Cabeza de Vaca. It seems unlikely that the death of 596 fellow men didn’t upset him a little, yet he never speaks of the deaths of other people in a traumatic manner. Perhaps this is because his writings are meant to be an official report to the king of Spain, and not a personal journal of his thoughts and feelings. Considering the time, it may also have been more or less expected that many men would die. I’m sure the men knew there wasn’t a 100%, or even 80% survival rate for these kinds of expeditions. It is also interesting to note how much Cabeza de Vaca attributes to God.

He often thanks “the will of God”. For example, when they are fortunate enough to find land. # Cabeza de Vaca changed drastically though his journey. When he starts off he’s very much focused on doing this for God and king, but he slowly becomes less concerned with that. He also develops a more accepting and worldly mind. When he first meets Native Americans he terrified that they’re going to sacrifice him#, because that’s the stereotype of the natives, but they are in fact very kind and offer him and his men fish and roots to eat.

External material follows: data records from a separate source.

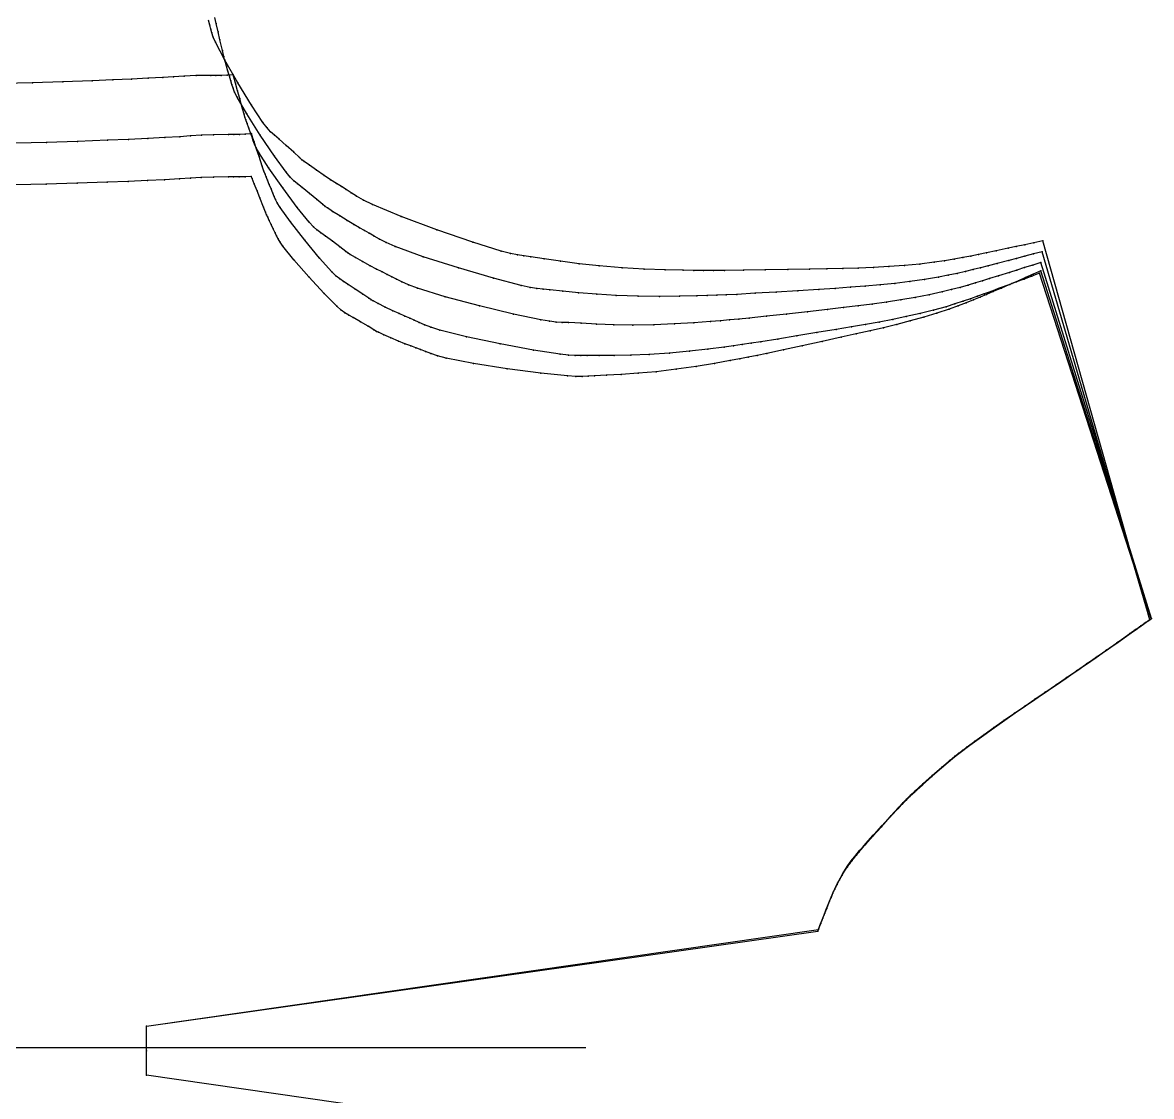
# Model space of a CAD drawing. Extents: x 50 to 2594, y 47 to 2136.
# Drawn here: x 1745.8 to 2028.3, y 1041.7 to 1310.5 of the extents above; entities that cross this region are included whole.
import ezdxf

# ---------------------------------------------------------------- set-up
doc = ezdxf.new("R2010")
doc.units = 0

# ---------------------------------------------------------------- blocks, each defined once
blk = doc.blocks.new('837.DELANTERO_XS')
at = {"layer": '1'}
blk.add_lwpolyline([(1945.004, 1022.8), (1776.781, 1047.059), (1776.781, 1053.181), (1776.781, 1059.294), (1944.77, 1083.084), (1945.348, 1084.541), (1945.896, 1085.924), (1946.401, 1087.198), (1946.85, 1088.333), (1947.598, 1090.217), (1948.147, 1091.574), (1948.603, 1092.641), (1949.072, 1093.658), (1949.611, 1094.755), (1950.23, 1095.949), (1950.901, 1097.161), (1951.595, 1098.316), (1952.194, 1099.22), (1952.786, 1100.042), (1953.366, 1100.798), (1953.93, 1101.505), (1954.507, 1102.215), (1955.12, 1102.955), (1955.83, 1103.789), (1956.694, 1104.781), (1958.58, 1106.9), (1960.783, 1109.338), (1963.009, 1111.773), (1964.962, 1113.885), (1966.031, 1115.021), (1966.974, 1115.991), (1967.934, 1116.933), (1969.052, 1117.985), (1971.091, 1119.844), (1973.448, 1121.947), (1975.827, 1124.03), (1977.932, 1125.831), (1979.088, 1126.787), (1980.104, 1127.595), (1981.104, 1128.359), (1982.21, 1129.18), (1984.176, 1130.621), (1986.483, 1132.294), (1988.991, 1134.093), (1991.555, 1135.91), (1994.172, 1137.735), (1996.739, 1139.502), (1999.296, 1141.247), (2001.887, 1143.009), (2004.543, 1144.818), (2007.209, 1146.639), (2009.815, 1148.427), (2012.297, 1150.138), (2014.705, 1151.81), (2017.163, 1153.529), (2019.926, 1155.47), (2023.246, 1157.808), (2024.434, 1158.644), (2025.679, 1159.521), (2026.958, 1160.422), (2028.25, 1161.332), (2000.609, 1248.345), (1998.707, 1247.519), (1996.809, 1246.695), (1994.99, 1245.905), (1993.322, 1245.181), (1990.741, 1244.064), (1988.721, 1243.194), (1987.026, 1242.472), (1985.42, 1241.797), (1983.737, 1241.099), (1981.898, 1240.36), (1979.89, 1239.594), (1977.699, 1238.81), (1974.616, 1237.799), (1971.324, 1236.804), (1967.937, 1235.851), (1964.569, 1234.963), (1961.222, 1234.135), (1957.877, 1233.355), (1954.394, 1232.575), (1950.635, 1231.748), (1945.871, 1230.702), (1940.931, 1229.62), (1936.19, 1228.59), (1932.025, 1227.7), (1929.598, 1227.197), (1927.415, 1226.76), (1925.255, 1226.348), (1922.899, 1225.914), (1918.924, 1225.211), (1914.344, 1224.459), (1909.4, 1223.739), (1904.328, 1223.133), (1899.819, 1222.733), (1895.606, 1222.452), (1891.894, 1222.252), (1888.887, 1222.091), (1887.329, 1221.994), (1885.879, 1221.932), (1884.245, 1221.941), (1882.139, 1222.058), (1875.495, 1222.737), (1867.092, 1223.853), (1858.634, 1225.193), (1851.824, 1226.542), (1849.612, 1227.125), (1847.937, 1227.67), (1846.596, 1228.183), (1845.383, 1228.673), (1844.208, 1229.119), (1842.927, 1229.592), (1841.498, 1230.131), (1839.879, 1230.778), (1837.99, 1231.584), (1836.201, 1232.378), (1834.867, 1232.984), (1834.344, 1233.225), (1833.738, 1233.593), (1832.249, 1234.493), (1830.363, 1235.616), (1828.571, 1236.658), (1827.408, 1237.309), (1826.462, 1237.873), (1825.535, 1238.54), (1824.428, 1239.502), (1821.273, 1242.669), (1817.425, 1246.851), (1813.709, 1251.115), (1810.952, 1254.528), (1810.225, 1255.557), (1809.732, 1256.374), (1809.359, 1257.114), (1808.994, 1257.913), (1808.53, 1258.912), (1808.021, 1259.986), (1807.536, 1260.996), (1807.145, 1261.805), (1806.857, 1262.412), (1806.565, 1263.096), (1806.066, 1264.348), (1805.156, 1266.658), (1804.474, 1268.386), (1803.785, 1270.13), (1803.252, 1271.48), (1803.037, 1272.021), (1801.484, 1271.931), (1800.007, 1271.89), (1798.612, 1271.881), (1797.306, 1271.883), (1793.561, 1271.842), (1790.508, 1271.73), (1787.794, 1271.572), (1785.067, 1271.391), (1781.327, 1271.17), (1777.055, 1270.952), (1772.262, 1270.74), (1766.96, 1270.535), (1759.499, 1270.285), (1751.704, 1270.064), (1744.066, 1269.884)], dxfattribs=at)
at = {"layer": '2'}
for p in [(1803.037, 1272.021), (2000.609, 1248.345), (1834.344, 1233.225), (2028.25, 1161.332), (1944.77, 1083.084), (1776.781, 1059.294), (1776.781, 1053.181), (1776.781, 1047.059)]:
    blk.add_point(p, dxfattribs=at)
at = {"layer": '3'}
for p in [(1785.067, 1271.391), (1787.794, 1271.572), (1790.508, 1271.73), (1793.561, 1271.842), (1797.306, 1271.883), (1798.612, 1271.881), (1800.007, 1271.89), (1801.484, 1271.931), (1803.252, 1271.48), (1751.704, 1270.064), (1759.499, 1270.285), (1766.96, 1270.535), (1772.262, 1270.74), (1777.055, 1270.952), (1781.327, 1271.17), (1803.785, 1270.13), (1804.474, 1268.386), (1805.156, 1266.658), (1806.066, 1264.348), (1806.565, 1263.096), (1806.857, 1262.412), (1807.145, 1261.805), (1807.536, 1260.996), (1808.021, 1259.986), (1808.53, 1258.912), (1808.994, 1257.913), (1809.359, 1257.114), (1809.732, 1256.374), (1810.225, 1255.557), (1810.952, 1254.528), (1813.709, 1251.115), (1817.425, 1246.851), (1994.99, 1245.905), (1996.809, 1246.695), (1998.707, 1247.519), (1988.721, 1243.194), (1990.741, 1244.064), (1993.322, 1245.181), (1821.273, 1242.669), (1981.898, 1240.36), (1983.737, 1241.099), (1985.42, 1241.797), (1987.026, 1242.472), (1824.428, 1239.502), (1825.535, 1238.54), (1826.462, 1237.873), (1827.408, 1237.309), (1974.616, 1237.799), (1977.699, 1238.81), (1979.89, 1239.594), (1828.571, 1236.658), (1830.363, 1235.616), (1832.249, 1234.493), (1964.569, 1234.963), (1967.937, 1235.851), (1971.324, 1236.804), (1833.738, 1233.593), (1834.867, 1232.984), (1836.201, 1232.378), (1950.635, 1231.748), (1954.394, 1232.575), (1957.877, 1233.355), (1961.222, 1234.135), (1837.99, 1231.584), (1839.879, 1230.778), (1841.498, 1230.131), (1842.927, 1229.592), (1844.208, 1229.119), (1940.931, 1229.62), (1945.871, 1230.702), (1845.383, 1228.673), (1846.596, 1228.183), (1847.937, 1227.67), (1849.612, 1227.125), (1851.824, 1226.542), (1925.255, 1226.348), (1927.415, 1226.76), (1929.598, 1227.197), (1932.025, 1227.7), (1936.19, 1228.59), (1858.634, 1225.193), (1867.092, 1223.853), (1909.4, 1223.739), (1914.344, 1224.459), (1918.924, 1225.211), (1922.899, 1225.914), (1875.495, 1222.737), (1882.139, 1222.058), (1884.245, 1221.941), (1885.879, 1221.932), (1887.329, 1221.994), (1888.887, 1222.091), (1891.894, 1222.252), (1895.606, 1222.452), (1899.819, 1222.733), (1904.328, 1223.133), (2024.434, 1158.644), (2025.679, 1159.521), (2026.958, 1160.422), (2019.926, 1155.47), (2023.246, 1157.808), (2017.163, 1153.529), (2012.297, 1150.138), (2014.705, 1151.81), (2009.815, 1148.427), (2004.543, 1144.818), (2007.209, 1146.639), (1999.296, 1141.247), (2001.887, 1143.009), (1996.739, 1139.502), (1991.555, 1135.91), (1994.172, 1137.735), (1988.991, 1134.093), (1984.176, 1130.621), (1986.483, 1132.294), (1980.104, 1127.595), (1981.104, 1128.359), (1982.21, 1129.18), (1977.932, 1125.831), (1979.088, 1126.787), (1973.448, 1121.947), (1975.827, 1124.03), (1971.091, 1119.844), (1966.974, 1115.991), (1967.934, 1116.933), (1969.052, 1117.985), (1964.962, 1113.885), (1966.031, 1115.021), (1963.009, 1111.773), (1960.783, 1109.338), (1956.694, 1104.781), (1958.58, 1106.9), (1954.507, 1102.215), (1955.12, 1102.955), (1955.83, 1103.789), (1952.194, 1099.22), (1952.786, 1100.042), (1953.366, 1100.798), (1953.93, 1101.505), (1950.901, 1097.161), (1951.595, 1098.316), (1949.072, 1093.658), (1949.611, 1094.755), (1950.23, 1095.949), (1948.147, 1091.574), (1948.603, 1092.641), (1946.85, 1088.333), (1947.598, 1090.217), (1945.896, 1085.924), (1946.401, 1087.198), (1945.348, 1084.541)]:
    blk.add_point(p, dxfattribs=at)
at = {"layer": '4'}
blk.add_point((1834.344, 1233.225, 5), dxfattribs=at)
blk = doc.blocks.new('837.DELANTERO_S')
at = {"layer": '1'}
blk.add_lwpolyline([(1945.004, 1022.8), (1776.781, 1047.059), (1776.781, 1053.181), (1776.781, 1059.294), (1944.77, 1083.084), (1945.348, 1084.541), (1945.896, 1085.924), (1946.401, 1087.198), (1946.85, 1088.333), (1947.598, 1090.217), (1948.147, 1091.574), (1948.603, 1092.641), (1949.072, 1093.658), (1949.611, 1094.755), (1950.23, 1095.949), (1950.901, 1097.161), (1951.595, 1098.316), (1952.194, 1099.22), (1952.786, 1100.042), (1953.366, 1100.798), (1953.93, 1101.505), (1954.507, 1102.215), (1955.12, 1102.955), (1955.83, 1103.789), (1956.694, 1104.781), (1958.58, 1106.9), (1960.783, 1109.338), (1963.009, 1111.773), (1964.962, 1113.885), (1966.031, 1115.021), (1966.974, 1115.991), (1967.934, 1116.933), (1969.052, 1117.985), (1971.091, 1119.844), (1973.448, 1121.947), (1975.827, 1124.03), (1977.932, 1125.831), (1979.088, 1126.787), (1980.104, 1127.595), (1981.104, 1128.359), (1982.21, 1129.18), (1984.176, 1130.621), (1986.483, 1132.294), (1988.991, 1134.093), (1991.555, 1135.91), (1994.172, 1137.735), (1996.739, 1139.502), (1999.296, 1141.247), (2001.887, 1143.009), (2004.543, 1144.818), (2007.209, 1146.639), (2009.815, 1148.427), (2012.297, 1150.138), (2014.705, 1151.81), (2017.163, 1153.529), (2019.926, 1155.47), (2023.246, 1157.808), (2024.434, 1158.644), (2025.679, 1159.521), (2026.958, 1160.422), (2028.25, 1161.332), (2000.32, 1247.783), (1998.373, 1247.053), (1996.43, 1246.324), (1994.567, 1245.625), (1992.86, 1244.986), (1990.217, 1243.998), (1988.15, 1243.231), (1986.416, 1242.594), (1984.772, 1241.999), (1983.051, 1241.386), (1981.171, 1240.741), (1979.12, 1240.075), (1976.886, 1239.403), (1973.747, 1238.547), (1970.398, 1237.719), (1966.957, 1236.937), (1963.538, 1236.219), (1960.143, 1235.562), (1956.753, 1234.951), (1953.224, 1234.347), (1949.417, 1233.711), (1944.593, 1232.907), (1939.589, 1232.075), (1934.788, 1231.286), (1930.57, 1230.607), (1928.114, 1230.227), (1925.905, 1229.901), (1923.72, 1229.598), (1921.338, 1229.284), (1917.321, 1228.783), (1912.695, 1228.264), (1907.706, 1227.795), (1902.595, 1227.447), (1898.058, 1227.276), (1893.824, 1227.211), (1890.095, 1227.2), (1887.075, 1227.192), (1885.51, 1227.174), (1884.054, 1227.186), (1882.419, 1227.279), (1880.315, 1227.504), (1873.694, 1228.523), (1865.335, 1230.07), (1856.931, 1231.844), (1850.18, 1233.544), (1847.994, 1234.24), (1846.344, 1234.871), (1845.027, 1235.454), (1843.837, 1236.006), (1842.683, 1236.513), (1841.424, 1237.052), (1840.02, 1237.665), (1838.431, 1238.396), (1836.581, 1239.3), (1834.83, 1240.187), (1833.524, 1240.862), (1833.012, 1241.13), (1832.413, 1241.541), (1830.936, 1242.546), (1829.067, 1243.803), (1827.289, 1244.97), (1826.133, 1245.702), (1825.196, 1246.333), (1824.283, 1247.069), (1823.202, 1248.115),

However, the Cabeza de Vaca from the end of the book would know better. He develops a lot of empathy for the natives and their plight at the hands of the Spanish, because of the many years he spends in slavery. Towards the end of his journey Cabeza de Vaca possibly can relate to Native Americans more and better than his own people. There is no way he views them as savages at this point. By now he views them as a distinctive and unique culture. Not inferior, just different. Cabeza de Vaca also must feel guilty for how they have been mistreated by the Spanish.

It’s easier to feel justified for killing and enslaving a culture if you believe they are savages, and inferior to your culture. Thankfully Cabeza de Vaca came to realize that the Native Americans were real people with real feelings just as much as the Spanish were. As mentioned above, eventually Cabeza de Vaca freed himself from slavery by becoming a merchant. This allowed him to become accustomed with several different Native American tribes. The Cabeza de Vaca who left Spain was very different from the Cabeza de Vaca that went back. The Cabeza de Vaca that left from Spain had a sheltered view of the world.

What he knew of the New World was only the stereotype that most Spaniards had of the New World. That it was inhabited by savages, who were not fit to be treated like normal people, let alone equals. The Cabeza de Vaca who left the New World had a far better understanding of the world as a whole, and all it’s people. He realized how unjust it was to assume you were superior over another culture just because they were different. The Cabeza de Vaca who left from Spain was more caring, and more sympathetic towards others, and barely recognizable to the Cabeza de Vaca that left from America.